----- Given information

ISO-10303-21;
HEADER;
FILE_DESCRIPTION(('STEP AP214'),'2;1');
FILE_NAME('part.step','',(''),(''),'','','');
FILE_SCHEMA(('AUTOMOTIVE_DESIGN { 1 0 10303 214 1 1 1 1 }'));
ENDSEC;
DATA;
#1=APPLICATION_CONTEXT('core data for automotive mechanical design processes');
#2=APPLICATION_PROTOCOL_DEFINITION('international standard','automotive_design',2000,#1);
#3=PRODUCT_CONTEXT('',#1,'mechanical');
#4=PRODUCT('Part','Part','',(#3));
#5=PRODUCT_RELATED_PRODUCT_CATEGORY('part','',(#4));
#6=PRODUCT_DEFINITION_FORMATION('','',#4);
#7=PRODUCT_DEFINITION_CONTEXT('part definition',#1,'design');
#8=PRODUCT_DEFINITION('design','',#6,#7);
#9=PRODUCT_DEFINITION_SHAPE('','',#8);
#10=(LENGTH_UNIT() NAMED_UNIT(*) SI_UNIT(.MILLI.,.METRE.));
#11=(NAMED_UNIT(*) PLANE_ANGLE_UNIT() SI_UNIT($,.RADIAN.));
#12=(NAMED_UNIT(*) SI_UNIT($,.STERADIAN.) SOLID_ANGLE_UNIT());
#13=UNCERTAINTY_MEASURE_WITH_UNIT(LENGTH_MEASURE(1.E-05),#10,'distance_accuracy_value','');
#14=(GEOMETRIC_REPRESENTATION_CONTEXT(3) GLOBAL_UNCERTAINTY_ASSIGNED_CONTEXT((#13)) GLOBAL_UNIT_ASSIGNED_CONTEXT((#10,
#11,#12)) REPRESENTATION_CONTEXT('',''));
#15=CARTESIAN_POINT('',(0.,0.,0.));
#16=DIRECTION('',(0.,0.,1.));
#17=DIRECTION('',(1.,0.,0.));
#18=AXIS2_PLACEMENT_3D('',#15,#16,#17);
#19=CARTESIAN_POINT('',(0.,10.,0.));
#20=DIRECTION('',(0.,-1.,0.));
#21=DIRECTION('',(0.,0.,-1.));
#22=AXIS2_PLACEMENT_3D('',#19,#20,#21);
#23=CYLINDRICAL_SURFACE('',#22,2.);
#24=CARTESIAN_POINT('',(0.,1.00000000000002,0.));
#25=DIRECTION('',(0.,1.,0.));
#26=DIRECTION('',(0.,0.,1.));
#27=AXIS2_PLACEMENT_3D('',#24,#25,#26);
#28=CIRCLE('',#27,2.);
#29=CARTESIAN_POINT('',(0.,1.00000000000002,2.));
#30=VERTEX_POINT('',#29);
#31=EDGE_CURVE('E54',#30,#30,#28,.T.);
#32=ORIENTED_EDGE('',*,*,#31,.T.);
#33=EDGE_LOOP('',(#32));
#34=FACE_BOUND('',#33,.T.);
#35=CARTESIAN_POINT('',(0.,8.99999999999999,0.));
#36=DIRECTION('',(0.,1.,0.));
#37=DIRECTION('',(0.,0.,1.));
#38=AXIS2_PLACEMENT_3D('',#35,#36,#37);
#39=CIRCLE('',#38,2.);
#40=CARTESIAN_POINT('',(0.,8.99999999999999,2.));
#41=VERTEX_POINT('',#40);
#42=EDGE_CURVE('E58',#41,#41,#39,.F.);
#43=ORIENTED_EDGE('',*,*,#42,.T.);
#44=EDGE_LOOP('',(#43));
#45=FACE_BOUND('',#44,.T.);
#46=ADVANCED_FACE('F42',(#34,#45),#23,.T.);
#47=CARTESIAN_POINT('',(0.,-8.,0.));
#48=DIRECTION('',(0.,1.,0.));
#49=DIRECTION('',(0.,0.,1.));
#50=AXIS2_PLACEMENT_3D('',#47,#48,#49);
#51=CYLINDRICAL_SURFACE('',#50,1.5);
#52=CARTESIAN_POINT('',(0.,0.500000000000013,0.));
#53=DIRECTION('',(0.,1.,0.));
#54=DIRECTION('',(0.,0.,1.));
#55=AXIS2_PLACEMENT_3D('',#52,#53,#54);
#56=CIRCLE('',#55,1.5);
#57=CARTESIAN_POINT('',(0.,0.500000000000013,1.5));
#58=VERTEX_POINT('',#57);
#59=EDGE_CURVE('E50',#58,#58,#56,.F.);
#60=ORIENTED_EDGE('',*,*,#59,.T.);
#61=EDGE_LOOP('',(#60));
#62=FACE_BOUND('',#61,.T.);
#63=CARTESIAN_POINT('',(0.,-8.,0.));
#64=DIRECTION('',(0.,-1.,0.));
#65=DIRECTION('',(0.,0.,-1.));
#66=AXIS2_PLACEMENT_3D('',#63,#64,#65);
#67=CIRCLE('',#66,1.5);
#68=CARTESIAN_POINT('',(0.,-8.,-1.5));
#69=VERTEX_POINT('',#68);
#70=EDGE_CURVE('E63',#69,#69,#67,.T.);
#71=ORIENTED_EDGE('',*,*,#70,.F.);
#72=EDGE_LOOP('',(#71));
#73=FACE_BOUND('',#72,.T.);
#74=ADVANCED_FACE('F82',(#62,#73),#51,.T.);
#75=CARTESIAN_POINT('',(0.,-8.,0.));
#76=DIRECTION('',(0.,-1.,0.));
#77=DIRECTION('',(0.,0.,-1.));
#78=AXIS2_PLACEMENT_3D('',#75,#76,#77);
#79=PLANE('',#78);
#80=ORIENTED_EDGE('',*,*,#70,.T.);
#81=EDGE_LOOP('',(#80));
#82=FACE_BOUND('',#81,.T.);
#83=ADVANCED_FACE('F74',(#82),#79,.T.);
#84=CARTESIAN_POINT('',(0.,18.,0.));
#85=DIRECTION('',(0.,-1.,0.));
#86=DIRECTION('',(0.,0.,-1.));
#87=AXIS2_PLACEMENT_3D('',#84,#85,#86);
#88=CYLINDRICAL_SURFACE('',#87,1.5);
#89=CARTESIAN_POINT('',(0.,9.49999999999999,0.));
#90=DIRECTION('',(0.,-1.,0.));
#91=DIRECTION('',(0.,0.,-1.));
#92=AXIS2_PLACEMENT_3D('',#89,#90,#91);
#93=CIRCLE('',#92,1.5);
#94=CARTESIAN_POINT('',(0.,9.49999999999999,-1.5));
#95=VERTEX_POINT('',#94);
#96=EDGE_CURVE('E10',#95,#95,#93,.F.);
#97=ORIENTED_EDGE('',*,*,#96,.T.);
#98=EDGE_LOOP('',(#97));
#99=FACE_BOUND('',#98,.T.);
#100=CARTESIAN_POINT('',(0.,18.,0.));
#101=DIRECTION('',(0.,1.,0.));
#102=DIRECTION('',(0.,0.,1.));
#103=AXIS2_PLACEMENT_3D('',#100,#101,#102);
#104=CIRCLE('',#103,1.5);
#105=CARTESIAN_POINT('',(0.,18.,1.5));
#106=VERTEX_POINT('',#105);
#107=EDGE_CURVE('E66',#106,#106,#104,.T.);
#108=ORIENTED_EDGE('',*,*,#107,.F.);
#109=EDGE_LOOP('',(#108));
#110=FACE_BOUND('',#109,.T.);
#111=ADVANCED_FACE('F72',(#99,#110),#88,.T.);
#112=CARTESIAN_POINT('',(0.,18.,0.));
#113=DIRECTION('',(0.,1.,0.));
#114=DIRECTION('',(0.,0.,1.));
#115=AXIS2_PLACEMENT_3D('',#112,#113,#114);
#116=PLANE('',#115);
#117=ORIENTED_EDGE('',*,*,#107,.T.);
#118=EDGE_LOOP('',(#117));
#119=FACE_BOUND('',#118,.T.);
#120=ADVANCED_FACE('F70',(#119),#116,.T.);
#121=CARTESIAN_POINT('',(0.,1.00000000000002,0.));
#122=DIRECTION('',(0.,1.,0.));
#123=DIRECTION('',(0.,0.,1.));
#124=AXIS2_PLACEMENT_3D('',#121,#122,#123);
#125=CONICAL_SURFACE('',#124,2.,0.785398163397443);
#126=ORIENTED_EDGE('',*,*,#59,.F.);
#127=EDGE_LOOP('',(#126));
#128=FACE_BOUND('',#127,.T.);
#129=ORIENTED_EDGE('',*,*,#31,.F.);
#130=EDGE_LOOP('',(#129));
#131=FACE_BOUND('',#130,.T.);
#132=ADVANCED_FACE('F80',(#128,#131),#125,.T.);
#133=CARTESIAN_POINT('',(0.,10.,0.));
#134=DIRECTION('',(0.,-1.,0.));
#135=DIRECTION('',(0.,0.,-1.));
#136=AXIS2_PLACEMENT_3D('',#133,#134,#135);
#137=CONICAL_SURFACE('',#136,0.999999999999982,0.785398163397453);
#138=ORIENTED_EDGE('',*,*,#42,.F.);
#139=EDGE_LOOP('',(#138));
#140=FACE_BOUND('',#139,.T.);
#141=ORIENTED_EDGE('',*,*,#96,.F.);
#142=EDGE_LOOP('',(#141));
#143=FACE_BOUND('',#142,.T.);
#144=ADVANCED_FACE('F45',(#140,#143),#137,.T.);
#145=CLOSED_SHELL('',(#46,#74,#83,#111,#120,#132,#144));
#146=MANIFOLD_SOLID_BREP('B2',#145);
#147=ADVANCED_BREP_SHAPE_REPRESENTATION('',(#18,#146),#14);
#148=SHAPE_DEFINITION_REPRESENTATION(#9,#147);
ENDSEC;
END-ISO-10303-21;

----------

● Prompt: Using the material above, transcribe exactly the lines from the line with "#102=DIRECTION('',(0.,0.,1.));" to the line with "#132=ADVANCED_FACE('F80',(#128,#131),#125,.T.);"; both count, and nothing else goes in.

● Answer section:
#102=DIRECTION('',(0.,0.,1.));
#103=AXIS2_PLACEMENT_3D('',#100,#101,#102);
#104=CIRCLE('',#103,1.5);
#105=CARTESIAN_POINT('',(0.,18.,1.5));
#106=VERTEX_POINT('',#105);
#107=EDGE_CURVE('E66',#106,#106,#104,.T.);
#108=ORIENTED_EDGE('',*,*,#107,.F.);
#109=EDGE_LOOP('',(#108));
#110=FACE_BOUND('',#109,.T.);
#111=ADVANCED_FACE('F72',(#99,#110),#88,.T.);
#112=CARTESIAN_POINT('',(0.,18.,0.));
#113=DIRECTION('',(0.,1.,0.));
#114=DIRECTION('',(0.,0.,1.));
#115=AXIS2_PLACEMENT_3D('',#112,#113,#114);
#116=PLANE('',#115);
#117=ORIENTED_EDGE('',*,*,#107,.T.);
#118=EDGE_LOOP('',(#117));
#119=FACE_BOUND('',#118,.T.);
#120=ADVANCED_FACE('F70',(#119),#116,.T.);
#121=CARTESIAN_POINT('',(0.,1.00000000000002,0.));
#122=DIRECTION('',(0.,1.,0.));
#123=DIRECTION('',(0.,0.,1.));
#124=AXIS2_PLACEMENT_3D('',#121,#122,#123);
#125=CONICAL_SURFACE('',#124,2.,0.785398163397443);
#126=ORIENTED_EDGE('',*,*,#59,.F.);
#127=EDGE_LOOP('',(#126));
#128=FACE_BOUND('',#127,.T.);
#129=ORIENTED_EDGE('',*,*,#31,.F.);
#130=EDGE_LOOP('',(#129));
#131=FACE_BOUND('',#130,.T.);
#132=ADVANCED_FACE('F80',(#128,#131),#125,.T.);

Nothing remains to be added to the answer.